Hurd’s next trick relies on the following observation. Suppose $L$ is an arbitrary language, and $R$ a regular language: as a finite intersection of regular languages is regular, if it happens that $L \cap R$ is not regular, the only possible reason is that $L$ was already not regular in the first place! This is precisely what Hurd does by setting

$R = \Box \Box \ell \Box^\ast W \Box^\ast r \Box \Box$

and showing that

$\Lambda_\mathcal{A} \cap R = \{ \Box \Box \ell \Box^n W \Box^n r \Box \Box \mid n \geq 0 \}$

which clearly does not respect the necessary condition given by the pumping lemma for regular languages.

First, every such word belongs not only to $R$ (as it is evident) but to $\Lambda_\mathcal{A}$ too. Indeed, if we extend the word to a configuration by setting all the other cells as blank, we may obtain an infinitely long backward history by observing that:

• A predecessor of $\cdots \Box \Box \ell \Box^n W \Box^n r \Box \Box \cdots$ for $n > 0$ is $\cdots \Box \Box \ell \Box^{n-1} W \Box^{n-1} r \Box \Box \cdots$
• A predecessor of $\cdots \Box \Box \ell W r \Box \Box \cdots$ is $\cdots \Box \Box r W \ell \Box \Box \cdots$
• A predecessor of $\cdots \Box \Box r \Box^n W \Box^n \ell \Box \Box \cdots$ for $n \geq 0$  is $\cdots \Box \Box r \Box^{n+1} W \Box^{n+1} \ell \Box \Box \cdots$

Next, let $\Box \Box \ell \Box^i W \Box^j r \Box \Box$ be an arbitrary word of $R$ which also belongs to $\Lambda_\mathcal{A}$. Can it be that $i > j$? No, it cannot, because by doing $i-1$ backward steps we necessarily arrive at $\Box \Box \ell \Box W r \Box \Box$, which is an orphan. Why so? Because the only ways to have a situation of the form $W r$, is either as unchanged from the beginning, or immediately after a bounce: but after a bounce, the situation is $\ell W r$, not $\Box W r$. Symmetrically, it cannot be $i < j$.

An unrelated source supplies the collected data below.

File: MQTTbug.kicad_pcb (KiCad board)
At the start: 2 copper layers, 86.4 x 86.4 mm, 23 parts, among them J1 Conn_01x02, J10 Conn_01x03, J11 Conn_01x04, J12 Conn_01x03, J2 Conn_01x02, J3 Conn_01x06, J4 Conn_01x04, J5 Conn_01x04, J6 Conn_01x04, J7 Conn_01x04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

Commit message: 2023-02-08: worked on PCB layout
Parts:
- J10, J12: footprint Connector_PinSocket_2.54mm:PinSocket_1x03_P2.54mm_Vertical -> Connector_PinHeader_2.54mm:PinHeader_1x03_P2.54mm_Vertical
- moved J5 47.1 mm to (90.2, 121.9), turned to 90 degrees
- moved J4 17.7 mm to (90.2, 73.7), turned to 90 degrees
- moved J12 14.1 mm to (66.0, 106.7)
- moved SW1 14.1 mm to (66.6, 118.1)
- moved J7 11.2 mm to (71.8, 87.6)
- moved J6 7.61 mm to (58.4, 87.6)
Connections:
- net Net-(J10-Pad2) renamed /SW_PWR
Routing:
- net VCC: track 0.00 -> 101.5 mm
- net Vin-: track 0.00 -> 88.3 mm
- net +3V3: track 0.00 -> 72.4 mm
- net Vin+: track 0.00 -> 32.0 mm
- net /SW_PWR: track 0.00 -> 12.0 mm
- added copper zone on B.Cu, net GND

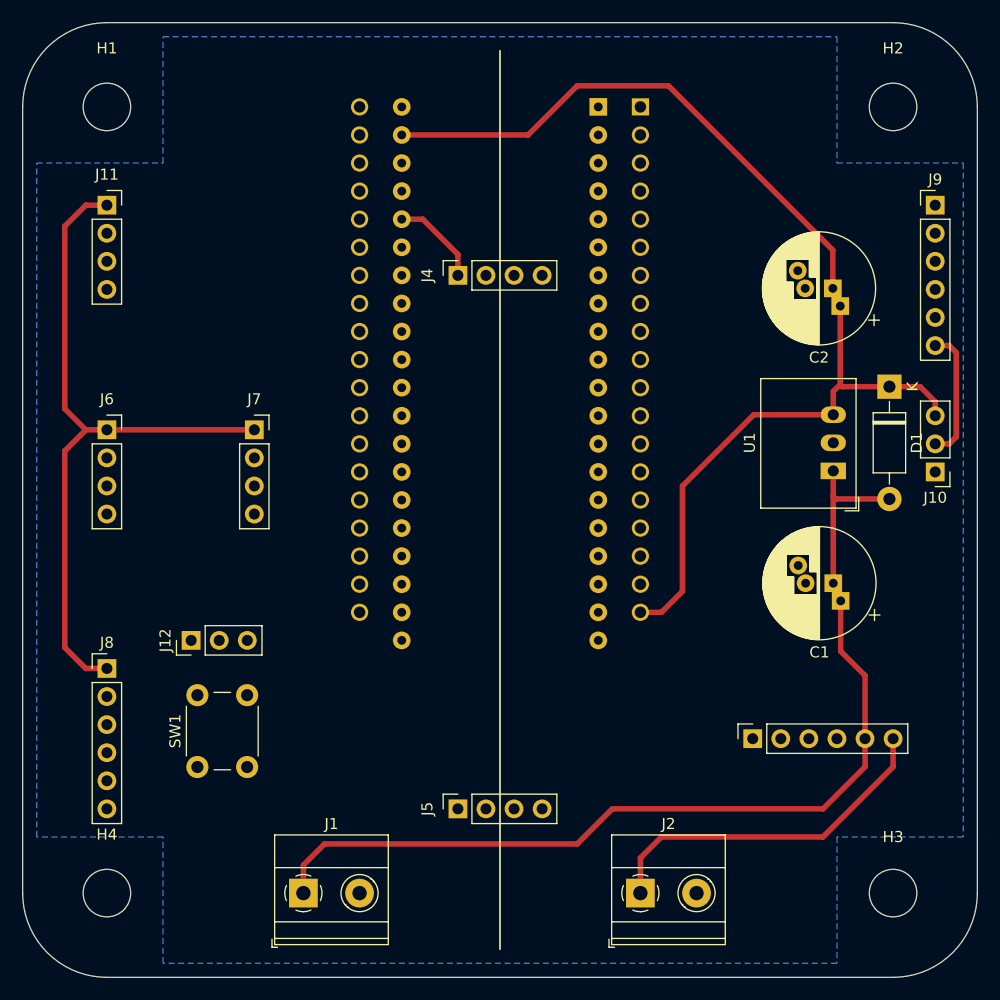
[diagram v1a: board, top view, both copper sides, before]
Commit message: Finishing board layout manual and with autorouter
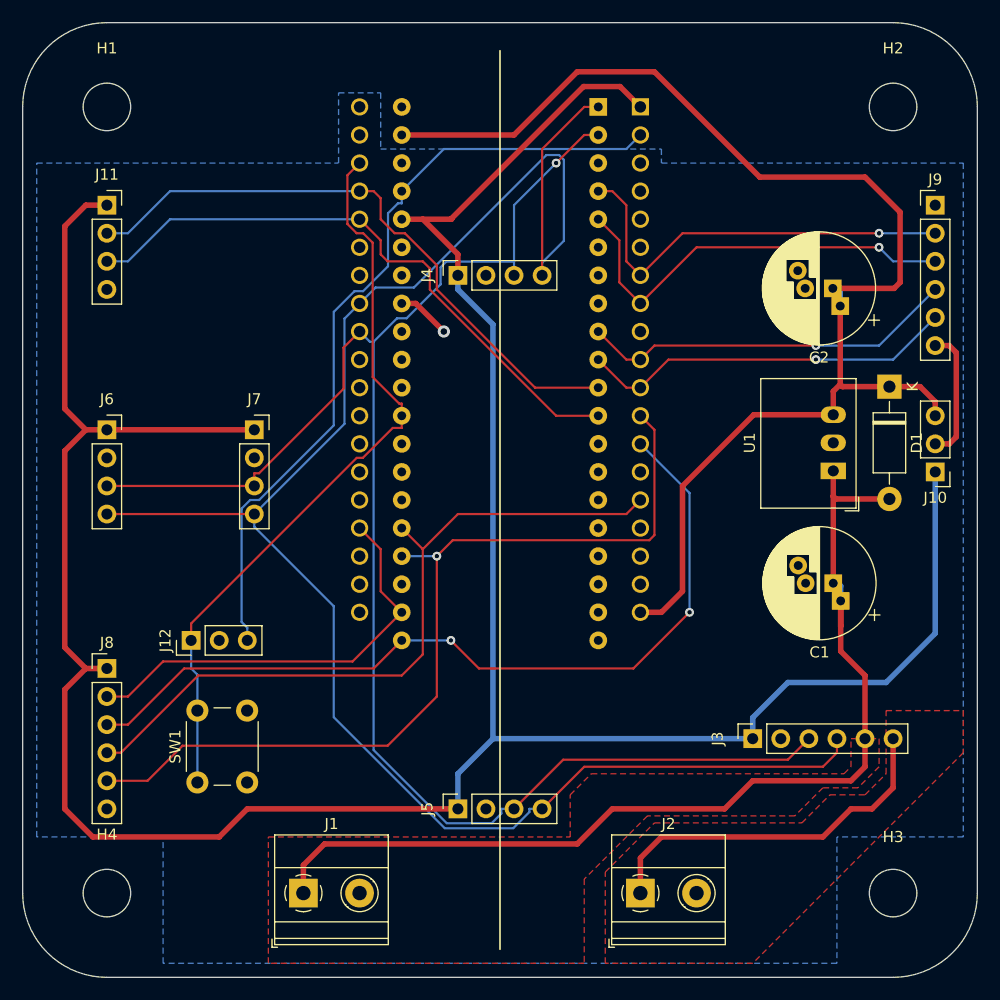
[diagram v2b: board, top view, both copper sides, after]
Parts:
- moved SW1 1.39 mm to (66.6, 119.5)
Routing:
- net +3V3: track 72.4 -> 259.6 mm
- net I2C_DA: track 0.00 -> 165.2 mm
- net I2C_CL: track 0.00 -> 148.8 mm, vias 0 -> 1
- net OWI4: track 0.00 -> 80.7 mm, vias 0 -> 1
- net OWI2: track 0.00 -> 76.1 mm, vias 0 -> 2
- net RUN: track 0.00 -> 71.7 mm
- net Pin22: track 0.00 -> 67.9 mm
- net OWI3: track 0.00 -> 66.0 mm
- net SER_TX: track 0.00 -> 55.8 mm
- net SER_RX: track 0.00 -> 55.3 mm
- net OWI1: track 0.00 -> 39.0 mm
- net SW02: track 0.00 -> 38.5 mm, vias 0 -> 1
- net SW01: track 0.00 -> 38.2 mm, vias 0 -> 1
- net SW03: track 0.00 -> 34.2 mm, vias 0 -> 1
- net SW04: track 0.00 -> 34.2 mm, vias 0 -> 1
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- added copper zone on F.Cu, net Vin+
- added copper zone on F.Cu, net Vin-

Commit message: last mods and first Gerber to PCB manufacturer
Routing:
- net GND: track 4.86 -> 38.8 mm, vias 1 -> 4
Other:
- rule pad_to_mask_clearance: 0.1 -> 0
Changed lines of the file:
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@@
       (dielectric_constraints no)
     )
-    (pad_to_mask_clearance 0.1)
-    (solder_mask_min_width 0.1)
+    (pad_to_mask_clearance 0)
     (aux_axis_origin 50.8 50.8)
     (grid_origin 50.8 50.8)
     (pcbplotparams
-      (layerselection 0x00010fc_ffffffff)
+      (layerselection 0x00010f0_ffffffff)
       (disableapertmacros false)
-      (usegerberextensions false)
-      (usegerberattributes true)
-      (usegerberadvancedattributes true)
-      (creategerberjobfile true)
+      (usegerberextensions true)
+      (usegerberattributes false)
+      (usegerberadvancedattributes false)
+      (creategerberjobfile false)
       (svguseinch false)
       (svgprecision 6)
@@
       (psa4output false)
       (plotreference true)
-      (plotvalue true)
+      (plotvalue false)
       (plotinvisibletext false)
       (sketchpadsonfab false)
-      (subtractmaskfromsilk false)
+      (subtractmaskfromsilk true)
       (outputformat 1)
       (mirror false)
-      (drillshape 1)
+      (drillshape 0)
       (scaleselection 1)
-      (outputdirectory "")
+      (outputdirectory "Gerber/")
     )
   )
@@
   (gr_arc (start 58.42 137.16) (mid 53.031846 134.928154) (end 50.8 129.54) (layer "Edge.Cuts") (width 0.1))
   (gr_line (start 137.16 58.42) (end 137.16 129.54) (layer "Edge.Cuts") (width 0.1))
+  (dimension (type aligned) (layer "Cmts.User")
+    (pts (xy 50.8 58.42) (xy 137.16 58.42))
+    (height -17.78)
+    (gr_text "86,3600 mm" (at 93.98 38.84) (layer "Cmts.User")
+      (effects (font (size 1.5 1.5) (thickness 0.3)))
+    )
+    (format (units 3) (units_format 1) (precision 4))
+    (style (thickness 0.2) (arrow_length 1.27) (text_position_mode 0) (extension_height 0.58642) (extension_offset 0.5) keep_text_aligned)
+  )
+  (dimension (type aligned) (layer "Cmts.User")
+    (pts (xy 58.42 50.8) (xy 58.42 137.16))
+    (height 18.415)
+    (gr_text "86,3600 mm" (at 38.205 93.98 90) (layer "Cmts.User")
+      (effects (font (size 1.5 1.5) (thickness 0.3)))
+    )
+    (format (units 3) (units_format 1) (precision 4))
+    (style (thickness 0.2) (arrow_length 1.27) (text_position_mode 0) (extension_height 0.58642) (extension_offset 0.5) keep_text_aligned)
+  )
   (segment (start 127 118.11) (end 127 115.57) (width 0.5) (layer "F.Cu") (net 1))
   (segment (start 127 109.855) (end 127 115.57) (width 0.5) (layer "F.Cu") (net 1))
@@
   (segment (start 124.7984 103.107) (end 124.7984 101.7569) (width 0.5) (layer "B.Cu") (net 1))
   (segment (start 124.3774 101.7569) (end 124.1275 101.507) (width 0.5) (layer "B.Cu") (net 1))
+  (segment (start 92.71 121.92) (end 92.71 118.745) (width 0.5) (layer "F.Cu") (net 2))
   (segment (start 85.09 76.2) (end 86.36 76.2) (width 0.5) (layer "F.Cu") (net 2))
   (segment (start 86.36 76.2) (end 88.9 78.74) (width 0.5) (layer "F.Cu") (net 2))
+  (segment (start 102.87 101.6) (end 90.17 101.6) (width 0.5) (layer "F.Cu") (net 2))
+  (segment (start 92.71 118.745) (end 88.9 114.935) (width 0.5) (layer "F.Cu") (net 2))
+  (segment (start 102.87 88.9) (end 90.17 88.9) (width 0.5) (layer "F.Cu") (net 2))
+  (via (at 90.17 88.9) (size 1.1) (drill 0.6) (layers "F.Cu" "B.Cu") (net 2))
+  (via (at 88.9 114.935) (size 1.1) (drill 0.6) (layers "F.Cu" "B.Cu") (net 2))
+  (via (at 90.17 101.6) (size 1.1) (drill 0.6) (layers "F.Cu" "B.Cu") (net 2))
   (via (at 88.9 78.74) (size 1.1) (drill 0.6) (layers "F.Cu" "B.Cu") (net 2))
   (segment (start 106.68 129.54) (end 106.68 126.365) (width 0.5) (layer "F.Cu") (net 3))

Can more be said? Indeed, Hurd himself provides an upgraded construction, adding new signals moving left and right at double speed: the limit language of the new cellular automaton is not context free. Finally, as a consequence of computational universality of cellular automata (the reader can easily see how to simulate arbitrary Turing machines by suitable one-dimensional cellular automata) Hurd proves that some limit languages are not recursively enumerable: this last proof is, as it can be expected, nonconstructive. On the other hand, the complement of the limit language, as a union of regular languages, is recursively enumerable.

Bibliography:

1. Lyman P. Hurd. Formal Language Characterizations of Cellular Automaton Limit Sets. Complex Systems 1 (1987), 69–80.